Mais, ô mes divins anges ! le drame de Cassandre est plus mystérieux que vous ne pensez. Vous ne songez qu’au brillant théâtre de la petite ville de Paris, et le grave auteur de Cassandre a de plus longues vues. Cet ouvrage est un emblème. Que veut-il dire ? Que la confession, la communion, la profession de foi, etc., etc., sont visiblement prises des anciens. Un des plus profonds pédants de ce monde (et c’est moi) a fait une douzaine de commentaires par A et par B à la suite de cet ouvrage mystique, et je vous assure que cela est édifiant et curieux. Le tout ensemble fera un singulier recueil pour les âmes dévotes.

J’ai lu la belle lettre de Mme Scaliger à la nièce. Nous sommes dans un furieux embarras : si Mlle Dumesnil est ivre, adieu le rôle de Statira. Si elle n’est pas ivre, elle sera sublime. Mademoiselle Clairon, vous refusez Olympie ! mais vraiment vous n’êtes pas trop faite pour Olympie, et cependant il n’y a que vous, car on dit que cette Dubois est une grande marionnette, et que Mlle Hus n’est qu’une grande catin. Tirez-vous de là, mes anges ; vous serez bien habiles avec ces demoiselles de coulisses.

Et ma tracasserie avec cet animal de Gui Duchesne ? Vous ne me l’avez jamais mise au net. Encore une fois, je ne crois pas avoir fait un don positif à Gui Duchesne ; et je voudrais savoir précisément de quel degré est ma sottise. Sot homme est celui qui se laisse duper. Oh ! oh ! mes anges, mon cœur n’est accessible à l’amitié que pour vous seuls ; il est dur comme le pot de fer pour tout le reste ; il n’y a que pour vous qu’il sache s’attendrir.
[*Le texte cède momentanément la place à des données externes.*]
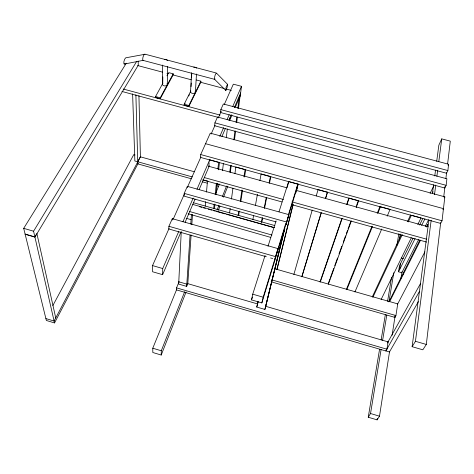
<?xml version="1.0" encoding="UTF-8"?>
<svg xmlns="http://www.w3.org/2000/svg" width="474" height="474" viewBox="0 0 474 474"><rect width="100%" height="100%" fill="white"/><g stroke="black" fill="none" stroke-linecap="round" stroke-linejoin="round"><path stroke-width="0.71" d="M162.819 76.912L162.742 83.454L155.549 96.548L155.549 97.484L160.23 98.746L173.194 74.768L173.217 73.837L168.691 72.635L166.943 75.816M160.23 98.746L160.236 97.81L173.217 73.837M162.469 83.951L162.677 65.062M176.678 289.407L152.782 348.218L152.806 352.508L161.213 355.032L161.279 350.766L184.664 291.741M169.052 228.492L152.527 265.588L152.557 271.75L162.623 274.671L162.724 268.539L178.822 231.282M167.292 84.508L167.618 66.366M277.308 251.184L277.93 248.595L172.305 218.674L168.904 226.299L168.833 228.989L266.323 256.736M172.263 220.031L172.305 218.674M195.134 91.18A2.441 1.629 5 0 1 193.469 93.437A2.441 1.629 5 0 1 190.53 91.606L190.826 90.955L184.149 104.239L184.108 105.169L188.818 106.437L200.846 82.115L200.905 81.19L196.343 79.976M179.012 281.858L176.559 287.884L176.47 289.881L385.883 350.985L386.885 349.202L388.206 341.553L420.408 283.707M181.24 231.798L178.674 284.08L186.667 286.403L187.805 283.529L191.111 234.991M288.897 214.669L286.006 224.676L288.897 214.669L187.354 186.359L184.22 193.386L184.078 196.123L276.028 221.879M188.818 106.437L188.865 105.512L200.905 81.19M190.572 91.458L191.567 72.712M191.058 86.629L191.253 83.021M191.52 77.973L191.751 73.648M187.277 187.734L187.354 186.359M195.401 92.015L196.485 74.015M186.667 286.403L190.068 235.057M190.797 224.066L191.413 214.556M192.509 214.438L191.816 224.712M200.715 154.548L200.496 157.409L440.648 223.42L442.041 220.789L444.837 196.846L210.284 133.147L200.715 154.548L442.041 220.789M205.218 206.077L205.621 201.663M206.486 192.1L207.482 181.068M208.815 166.356L209.147 162.677M209.277 161.207L209.413 159.738L218.609 162.262L217.904 168.863M214.918 122.855L214.645 125.746L444.79 188.012L446.147 185.328L446.905 178.805L217.53 117.007L214.918 122.855L446.147 185.328M220.54 112.51L220.837 109.613L223.355 103.984L448.6 164.265L447.871 170.551L446.532 173.247L220.54 112.51L221.103 111.26M213.703 208.453L214.171 204.051M215.184 194.524L216.351 183.527M214.473 208.696L214.947 204.294M215.972 194.743L217.157 183.728M218.656 169.781L219.45 162.44M222.555 170.717L223.39 163.394M226.317 137.78L227.324 128.999M229.985 117.748L229.665 120.479L231.964 115.105M428.934 219.906L412.107 346.69L422.832 349.806L426.31 344.45L440.69 222.608M443.717 196.923L444.962 186.56M445.886 178.574L446.579 172.702M447.616 163.891L450.3 141.139L441.744 138.876L438.853 145.157L436.714 161.279M229.777 171.949L230.613 165.379M233.854 139.824L234.962 131.067M236.076 122.304L236.722 117.191M237.835 108.433L239.222 97.478L239.945 95.789M230.287 172.654L231.223 165.355M234.494 139.783L235.614 131.02M236.733 122.251L237.385 117.137M238.505 108.374L240.188 95.227M224.326 104.393L233.344 84.165L241.473 86.315L240.3 95.641L235.412 107.053M412.107 346.69L415.443 341.304L431.168 220.286M434.504 194.618L435.742 185.079M436.886 176.281L437.65 170.415M438.794 161.61L441.744 138.876M427.465 226.43L427.738 224.403L426.416 227.028M432.436 193.528L433.603 184.73M434.771 175.937L435.547 170.077M229.582 212.903L230.18 208.53M231.466 199.056L232.953 188.125M234.932 173.555L235.827 166.996L244.365 169.342M238.067 215.646L238.73 211.256M240.288 201.012L241.959 190.033M243.968 176.855L245.082 169.538M238.677 215.474L239.346 211.114M240.792 201.657L242.469 190.744M244.584 176.926L245.698 169.651M389.699 301.565L403.374 274.268L403.676 272.313L419.822 240.152M379.538 349.462L368.245 417.221L377.097 419.875L379.49 416.196L389.598 351.305M392.099 335.26L395.162 315.571M400.957 278.386L401.982 271.827M271.134 281.811L394.919 317.396L395.144 315.945M394.919 317.396L395.926 315.536L397.727 303.899L274.796 268.77M377.097 419.875L377.328 418.418M418.607 239.595L401.816 272.716L398.516 271.774L399.641 269.564L400.619 263.396L413.05 238.25M398.516 271.774L399.499 265.618L400.619 263.396M368.245 417.221L370.538 413.512L381.132 349.326M382.577 340.569L386.79 315.044M388.953 301.914L393.77 272.734M399.185 239.915L400.151 234.079M381.12 339.988L385.368 314.493M387.554 301.375L391.56 277.337M396.904 245.277L398.847 233.623M252.832 219.782L253.62 215.421M255.456 205.23L257.429 194.316M259.924 180.493L261.109 173.946L270.417 176.5L269.131 183.029M261.405 222.188L262.264 217.839M264.267 207.683L266.269 197.534M261.761 222.342L262.626 217.981M264.492 208.536L266.649 197.64M269.522 183.112L270.82 176.577M288.305 215.16L297.832 184.036L296.303 190.24L261.849 302.904L251.528 299.906L252.725 294.176L265.079 255.45M284.169 230.441L281.254 240.413L284.803 228.373L264.901 309.433L256.748 307.057L258.04 301.322M257.826 303.39L258.152 301.956M287.333 187.277L288.66 181.518L298.033 184.096L295.9 192.705M261.849 302.904L263.177 297.204L285.704 223.645M274.861 259.171L277.93 248.595M264.901 309.433L283.79 232.663M265.778 306.086L284.157 230.471M276.887 269.505L293.056 204.187M276.976 269.7L293.074 204.768M296.611 190.501L298.205 184.078M293.85 274.523L312.212 210.071M316.253 195.958L318.066 189.535M301.79 276.792L321.017 213.276M325.502 198.458L327.421 192.106M301.908 276.709L321.319 212.619M325.585 198.529L327.504 192.195L318.066 189.6M256.748 307.057L257.666 304.112M268 246.296L276.081 220.949M279.002 211.795L288.66 181.518M251.528 299.906L252.423 297.085M320.009 281.994L341.914 218.307M346.731 204.306L348.894 198.008M320.294 281.959L342.187 218.401M346.998 204.43L349.166 198.144L358.676 200.757L356.146 207.719M328.245 283.618L329.999 278.771M330.502 277.391L333.761 268.391M334.762 265.624L337.524 258.01M339.029 253.863L341.784 246.249M343.289 242.096L345.546 235.868M346.298 233.795L347.549 230.334M348.052 228.948L350.813 221.334M356.578 205.42L358.332 200.573M328.358 284.264L351.347 220.937M161.213 355.032L186.122 291.895M218.348 210.231L219.972 206.113M223.491 197.19L227.822 186.211M217.033 210.071L218.935 205.266M222.472 196.343L226.548 186.051M215.86 192.977L219.474 184.084M346.328 289.549L371.9 226.418M377.186 213.383L379.964 206.522M346.838 289.596L372.428 226.613M377.991 212.921L380.498 206.759L390.078 209.389L387.193 216.156M354.937 291.966L381.724 229.019M162.623 274.671L181.032 231.798M185.121 222.27L195.051 199.133M199.139 189.606L209.366 165.782M221.927 136.518L225.434 128.353M228.936 120.189L231.276 114.744M234.31 107.675L240.65 92.904M182.923 221.802L193.167 198.091M196.977 189.286L209.858 159.477M219.812 136.447L223.615 127.636M227.129 119.507L229.179 114.767M232.693 106.638L241.473 86.315M173.259 219.053L184.67 193.422M187.68 186.679L200.899 157.001M211.108 134.071L215.018 125.302M218.318 117.884L221.026 111.817M372.232 297.008L401.247 234.92M407.486 221.571L410.608 214.894M372.961 297.162L402.325 234.559M408.262 221.909L411.385 215.249M430.072 193.439L433.911 185.559M381.126 299.497L411.302 237.8M417.795 224.534L421.036 217.898L412.078 215.439M448.072 165.343L448.6 164.265M419.591 225.02L422.861 218.401M432.454 193.042L433.088 191.774M399.641 269.564L415.076 238.6M421.641 225.428L424.929 218.84M389.036 301.618L403.676 272.313M184.433 104.511L185.097 103.202M188.717 95.985L189.375 94.676M403.374 274.268L420.533 240.194M425.267 226.442L428.597 219.865M444.286 197.913L444.837 196.846M442.906 209.698L443.457 208.643L205.568 143.693M397.402 304.498L424.894 251.848M126.291 63.196L23.7 228.344L46.351 320.471L54.534 322.93L138.236 163.204M137.738 161.764L140.345 156.817L194.435 171.789M140.588 156.497L54.107 321.046L45.883 318.581M52.857 305.57L133.763 154.613L135.126 154.986M387.388 343.063L388.052 341.861L265.92 306.364M419.366 291.551L385.872 350.914L389.468 351.975L418.388 301.636M387.625 342.572L388.206 341.553M36.539 234.085L34.857 236.887L25.092 234.055M54.534 322.93L33.577 231.205L136.583 61.549M215.024 78.957L214.615 79.342L143.047 60.382L142.65 59.345L143 57.076L143.883 54.907L144.783 54.125L216.375 73.032L227.597 84.36L227.141 87.465L225.879 90.522L214.491 79.211C214.337 77.683 215.32 72.806 216.547 73.506M162.849 83.323L162.422 84.094A2.441 1.612 3.4 0 0 165.302 85.907A2.441 1.612 3.4 0 0 167.055 83.685M124.858 63.729L124.235 64.079L123.85 63.581L123.904 61.584L124.674 59.197L125.699 57.822L144.991 54.279M227.49 84.236L226.051 87.394L225.707 90.623M143.314 60.316L124.235 64.079M137.638 65.531L162.671 72.184M166.967 73.328L168.394 73.707M172.69 74.845L191.289 79.786M200.585 82.263L224.196 88.531M226.341 89.106L231.348 90.433M220.837 109.613L447.871 170.551M155.549 96.548L160.236 97.81M184.149 104.239L188.865 105.512M123.157 89.005L220.013 115.064M121.913 91.446L218.247 117.404M208.607 166.244L287.007 187.852M296.268 190.406L428.117 226.75M204.389 177.584L283.452 199.495M292.002 201.865L426.618 239.18M192.414 176.938L134.859 160.982L132.613 93.87M203.062 179.895L208.033 181.275M216.553 183.639L219.397 184.427M202.783 179.954L281.929 201.924M291.913 204.691L426.671 242.09M191.573 178.822L137.804 163.891L135.884 94.753M202.185 181.773L207.138 183.148M217.045 185.897L218.455 186.294M184.22 193.386L286.646 222.039M193.422 202.73L274.884 225.588M199.655 206.741L201.788 207.339M203.204 207.736L205.337 208.335M208.175 209.129L211.724 210.13M213.146 210.527L215.279 211.126M216.695 211.523L225.221 213.916M226.637 214.319L274.215 227.68M186.175 218.283L191.087 219.669M401.407 257.998L403.35 258.549M168.904 226.299L275.477 256.6M192.799 204.43L274.25 227.621M189.677 211.546L271.963 235.051M188.131 213.786L270.595 237.367M270.595 257.957L272.728 258.561M271.762 279.873L395.926 315.536M252.725 294.176L263.177 297.204M415.443 341.304L426.31 344.45M152.527 265.588L162.724 268.539M23.7 228.344L33.577 231.205M25.158 234.269L34.922 237.107L138.272 65.228L138.171 61.087M187.811 283.665L257.394 303.887M178.781 281.799L186.809 284.133M176.559 287.884L386.885 349.202M152.782 348.218L161.279 350.766M370.538 413.512L379.49 416.196M36.877 233.522L55.742 317.936M138.929 95.653L140.405 156.847M164.739 59.463A2.53 1.612 3.7 0 1 167.47 60.459M193.748 67.124A2.524 1.629 5.3 0 1 196.514 68.132"/></g></svg>

Mon plus grand malheur, vous dis-je, est la mort d’Élisabeth. Je crois mon Schouvalow disgracié. On dit la paix faite entre Pierre III et Frédéric III. Ma chère Élisabeth détestait Luc, et je n’y avais pas peu contribué, et je riais dans ma barbe, car je suis un drôle de corps ; mais je ne ris plus, Mlle Clairon m’embarrasse,

  1. Cette lettre formait le commencement d’une autre qu’on a toujours imprimée sans nulle raison à la fin de 1762. (G. A.)